Хребет состоял – в двух десятках напористых бесстрашных, даже и молодых, как Соломон Рошаль, Саша восхищался им: студент – а отчаянно повёл за собой морскую крепость и базу флота! А вождь большевиков, Лев Борисович Каменев, напротив – умница, равновесный, вдумчивый и очень милый. Он пробеседовал с Сашей однажды полчаса – и совершенно покорил сердце, хотя и не во всём убедил. При личной беседе больше казалось, что у Каменева всё согласовано безукоризненно. Когда же он выступал публично (несколько раз на Совещании Советов, Саша был там на хорах) – то, может быть, от нетерпеливых возгласов противников, а может быть, от свойства всякого публичного выступления, – мелкие штрихи противоречий раздвигались, растягивались, как на раздуваемой плёнке, и были видней. Несколько главных сомнений у Саши так и оставались.

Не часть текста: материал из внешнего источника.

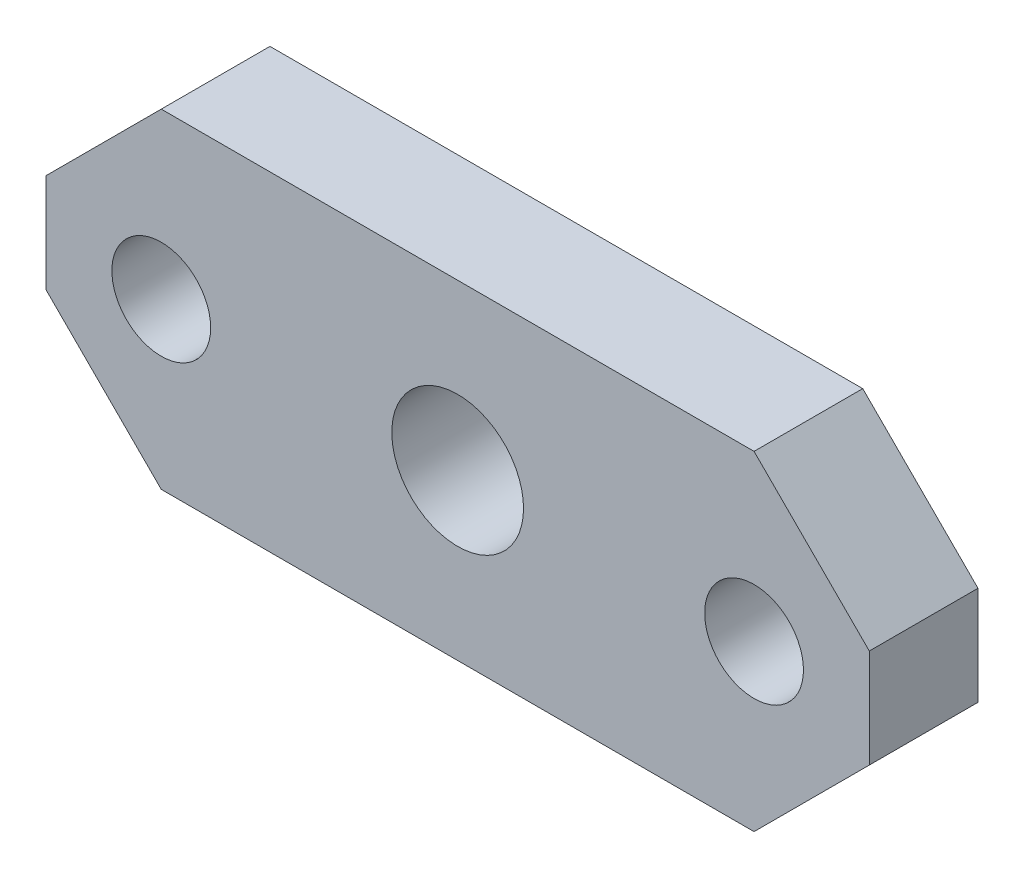
from build123d import *

# Parameters (mm, degrees)
SKETCH1_W           = 250
SKETCH1_H           = 100
BOSS_EXTRUDE1_DEPTH = 33
CHAMFER1_SIZE       = 35
SKETCH2_R           = 20
CUT_EXTRUDE1_DEPTH  = 35
SKETCH3_R           = 15
CUT_EXTRUDE2_DEPTH  = 33
LPATTERN1_COUNT     = 2
LPATTERN1_PITCH     = 180


with BuildPart() as part:
    # Sketch1 → Boss-Extrude1 (new body)
    with BuildSketch(Plane.XY):
        with Locations((14.758290847, 1.860150752)):
            Rectangle(SKETCH1_W, SKETCH1_H)
    extrude(amount=BOSS_EXTRUDE1_DEPTH)

    # Chamfer1
    chamfer1_edges = [part.edges().sort_by_distance(p)[0] for p in [
        (-110.241709153, 51.860150752, 16.5),
        (139.758290847, 51.860150752, 16.5),
        (139.758290847, -48.139849248, 16.5),
        (-110.241709153, -48.139849248, 16.5),
    ]]
    chamfer(chamfer1_edges, length=CHAMFER1_SIZE)

    # Sketch2 → Cut-Extrude1 (cut)
    with BuildSketch(Plane.XY.offset(33)):
        with Locations((14.758290847, 1.860150752)):
            Circle(SKETCH2_R)
    extrude(amount=-CUT_EXTRUDE1_DEPTH, mode=Mode.SUBTRACT)

    # Sketch3 → Cut-Extrude2 (cut)
    with BuildSketch(Plane.XY.offset(33)):
        with Locations((104.758290847, 1.860150752)):
            Circle(SKETCH3_R)
    cut_extrude2 = extrude(amount=-CUT_EXTRUDE2_DEPTH, mode=Mode.SUBTRACT)

    # LPattern1: Cut-Extrude2 ×2
    with Locations(*[(-i * LPATTERN1_PITCH, 0, 0) for i in range(1, LPATTERN1_COUNT)]):
        add(cut_extrude2, mode=Mode.SUBTRACT)


solid = part.part
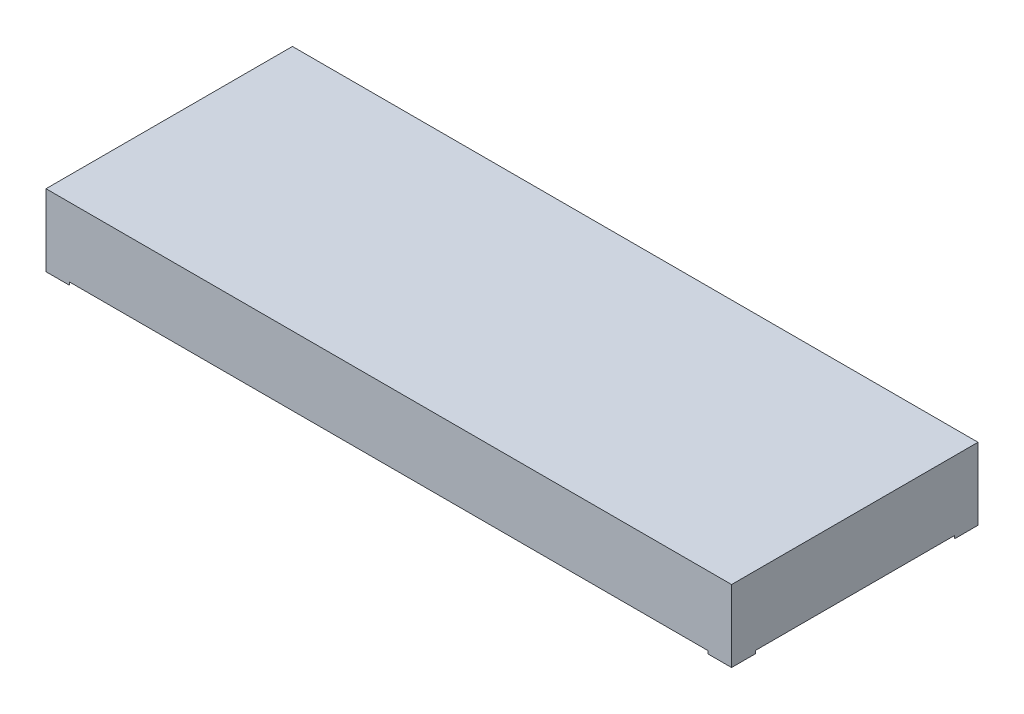
from build123d import *

# Parameters (mm, degrees)
SKETCH_1_W          = 71.5
SKETCH_1_H          = 25.7
EXTRUDE_1_DEPTH     = 7.5
CUT_EXTRUDE_1_DEPTH = 0.3


with BuildPart() as part:
    # 草图1 → 凸台-拉伸1 (new body)
    with BuildSketch(Plane(origin=(0, 0, 0), x_dir=(1, 0, 0), z_dir=(0, 1, 0))):
        with Locations((35.75, -12.85)):
            Rectangle(SKETCH_1_W, SKETCH_1_H)
    extrude(amount=EXTRUDE_1_DEPTH)

    # 草图2 → 切除-拉伸1 (cut)
    with BuildSketch(Plane.XZ):
        Polygon((69.025126266, 25.7), (2.474873734, 25.7), (0, 23.225126266), (0, 2.474873734), (2.474873734, 0), (69.025126266, 0), (71.5, 2.474873734), (71.5, 23.225126266), align=None)
    extrude(amount=-CUT_EXTRUDE_1_DEPTH, mode=Mode.SUBTRACT)


solid = part.part
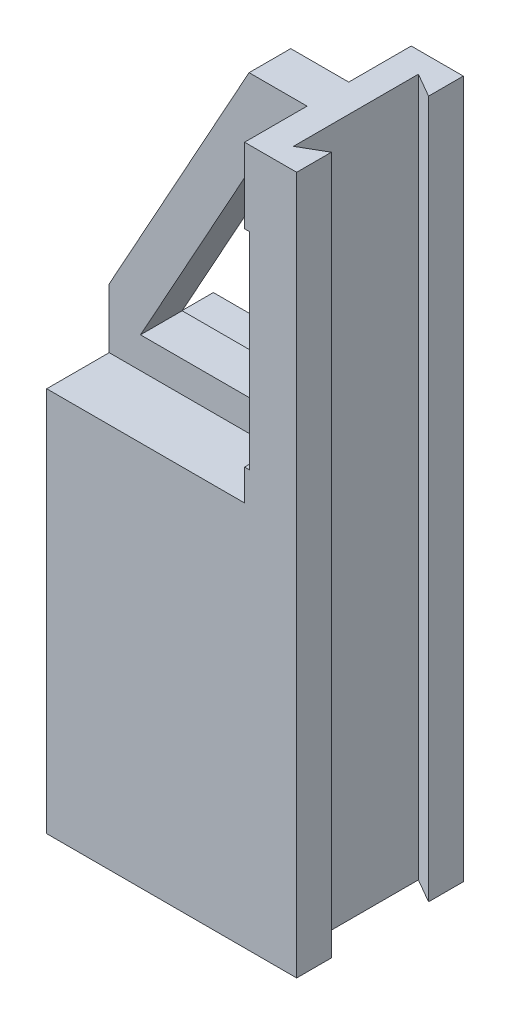
from build123d import *

# Parameters (mm, degrees)
EXTRUDE_1_DEPTH     = 80
SKETCH_2_W          = 95
SKETCH_2_H          = 30
CUT_EXTRUDE_1_DEPTH = 150
CUT_EXTRUDE_2_DEPTH = 336


with BuildPart() as part:
    # Эскиз1 → Бобышка-Вытянуть1 (new body)
    with BuildSketch(Plane.XY):
        Polygon((0, 0), (120, 0), (120, 335), (67.160475454, 335), (0, 213.59536065), align=None)
        Polygon((15.034284713, 199.934070047), (69.825157074, 298.978426921), (97.39949173, 298.978426921), (97.39949173, 199.934070047), align=None, mode=Mode.SUBTRACT)
    extrude(amount=EXTRUDE_1_DEPTH)

    # Эскиз2 → Вырез-Вытянуть1 (cut)
    with BuildSketch(Plane(origin=(0, 335, 0), x_dir=(1, 0, 0), z_dir=(0, 1, 0))):
        with Locations((47.5, -15)):
            Rectangle(SKETCH_2_W, SKETCH_2_H)
        with Locations((47.5, -65)):
            Rectangle(SKETCH_2_W, SKETCH_2_H)
    extrude(amount=-CUT_EXTRUDE_1_DEPTH, mode=Mode.SUBTRACT)

    # Эскиз3 → Вырез-Вытянуть2 (cut, through all)
    with BuildSketch(Plane(origin=(0, 335, 0), x_dir=(1, 0, 0), z_dir=(0, 1, 0))):
        Polygon((108.441945131, -10), (108.441945131, -70), (120, -63.32695391), (120, -16.67304609), align=None)
    extrude(amount=-CUT_EXTRUDE_2_DEPTH, mode=Mode.SUBTRACT)


solid = part.part
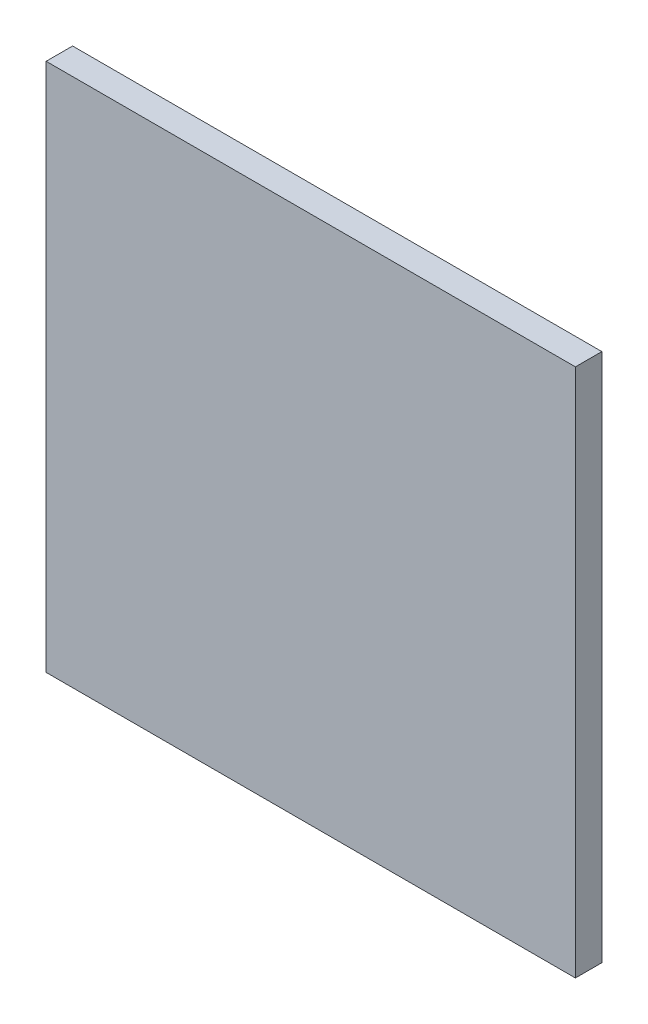
from build123d import *

# Parameters (mm, degrees)
SCHIZZO1_W                   = 20
SCHIZZO1_H                   = 20
ESTRUSIONE_ESTRUSIONE1_DEPTH = 1


with BuildPart() as part:
    # Schizzo1 → Estrusione-Estrusione1 (new body)
    with BuildSketch(Plane.XY):
        Rectangle(SCHIZZO1_W, SCHIZZO1_H)
    extrude(amount=ESTRUSIONE_ESTRUSIONE1_DEPTH)


solid = part.part
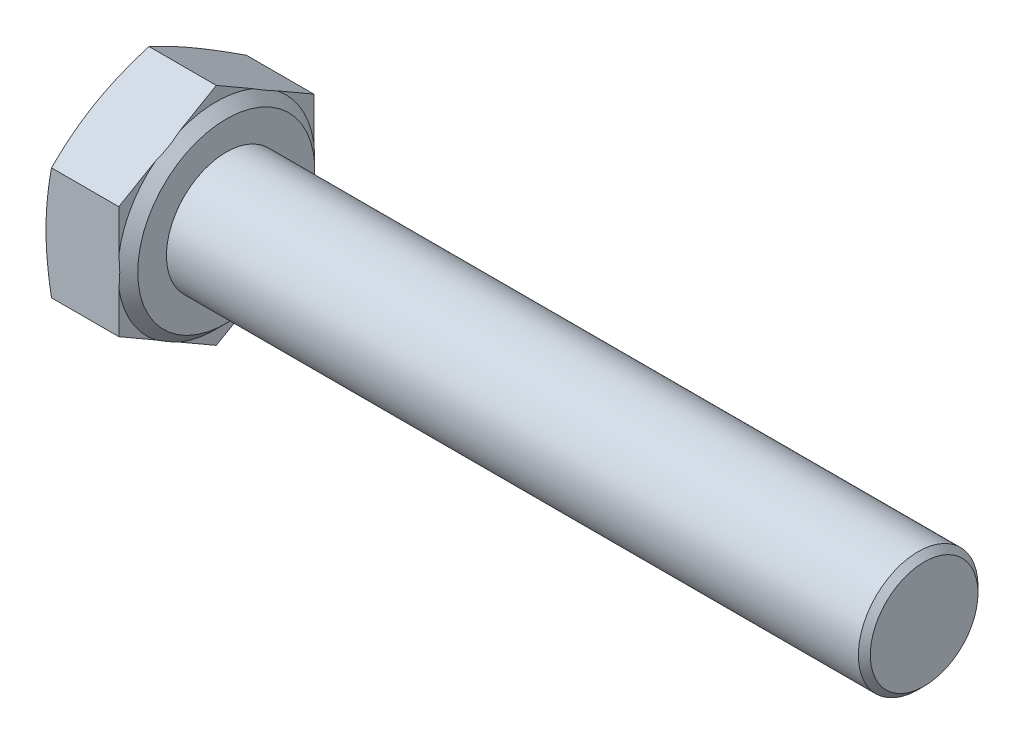
from build123d import *

# Parameters (mm, degrees)
BASEHEAD_DEPTH = 4.15
SKETCH5_R      = 3
BASEBODY_DEPTH = 35
CHAMFER1_SIZE  = 0.3


with BuildPart() as part:
    # Sketch2 → BaseHead (new body)
    with BuildSketch(Plane(origin=(0, 0, 0), x_dir=(0, 0, -1), z_dir=(1, 0, 0))):
        Polygon((4.89, -2.823242816), (4.89, 2.823242816), (0, 5.646485633), (-4.89, 2.823242816), (-4.89, -2.823242816), (0, -5.646485633), align=None)
    extrude(amount=BASEHEAD_DEPTH)

    # Sketch3 → BearingFace (revolve, cut)
    with BuildSketch(Plane.XY):
        Polygon((4.15, 5.646485633), (4.15, 4.44), (3.65, 4.94), (3.65, 5.646485633), align=None)
    revolve(axis=Axis((-0.957090588, 0, 0), (1, 0, 0)), mode=Mode.SUBTRACT)

    # Sketch4 → HeadChamfer (revolve, cut)
    with BuildSketch(Plane.XY):
        Polygon((0, 5.646485633), (0.275338253, 5.646485633), (0, 4.89), align=None)
    revolve(axis=Axis((-0.493528746, 0, 0), (1, 0, 0)), mode=Mode.SUBTRACT)

    # Sketch5 → BaseBody (add)
    with BuildSketch(Plane(origin=(4.15, 0, 0), x_dir=(0, 0, -1), z_dir=(1, 0, 0))):
        Circle(SKETCH5_R)
    extrude(amount=BASEBODY_DEPTH)

    # Chamfer1
    chamfer1_edges = [part.edges().sort_by_distance(p)[0] for p in [
        (39.15, 0, 3),
    ]]
    chamfer(chamfer1_edges, length=CHAMFER1_SIZE)


solid = part.part

Во-первых, о войне. Каменев казался недостаточно категоричен, что проклятую эту войну надо кончить как можно скорей и решительней, – хотя и ни разу не высловился, что её допустимо продолжать. „Это – не народная война, – говорил он на Совещании, – не народами затеяна. Мы хотим взять на себя смелость и гордость первыми в мире сказать, что – довольно! Весь народ России должен сказать слово „мир”… Мы хотим, чтобы наша революция стала орудием скорейшего прекращения мировых страданий…” – как будто очень правильно, но какого-то решающего удара не хватало. Дальше он предлагал давить на Временное правительство, чтоб оно склоняло все воюющие стороны открыть переговоры, – но разве так когда-нибудь дождёшься? И в ответ называли Каменева благодушным мечтателем, чей сон золотой разбудит грохот немецких орудий. Нет! Саша рвался к последней решительности, к огненной идее, как взывали некоторые: перебросить через фронты факел всеобщего восстания! – и только так мы с ней покончим!

Во-вторых, о Временном правительстве. Хотя Каменев не соглашался с нетерпеливцами, что надо правительство скорей сейчас же непременно свергать, но и доброго слова о нём он не сказал ни одного, а: что оно классово враждебно, и ни одной личности в нём мы не доверяем, и ни движением не поддержим, и ни за что не войдём, и будем всячески его контролировать, – да как же тогда правительству и править? А между тем это наше первое революционное правительство, наше главное завоевание! Вместо того предлагал сплачиваться вокруг Совета – но Совет же не правительство! „Пролетариат должен прийти к власти” – ещё и эта мысль была Саше сильно неясна. Из рабочего класса выдували какое-то новое „Его Величество”, о котором нельзя даже критически выразиться. И это было доказательством известной истины исторического материализма, что формы мышления консервативны и отстают от форм бытия.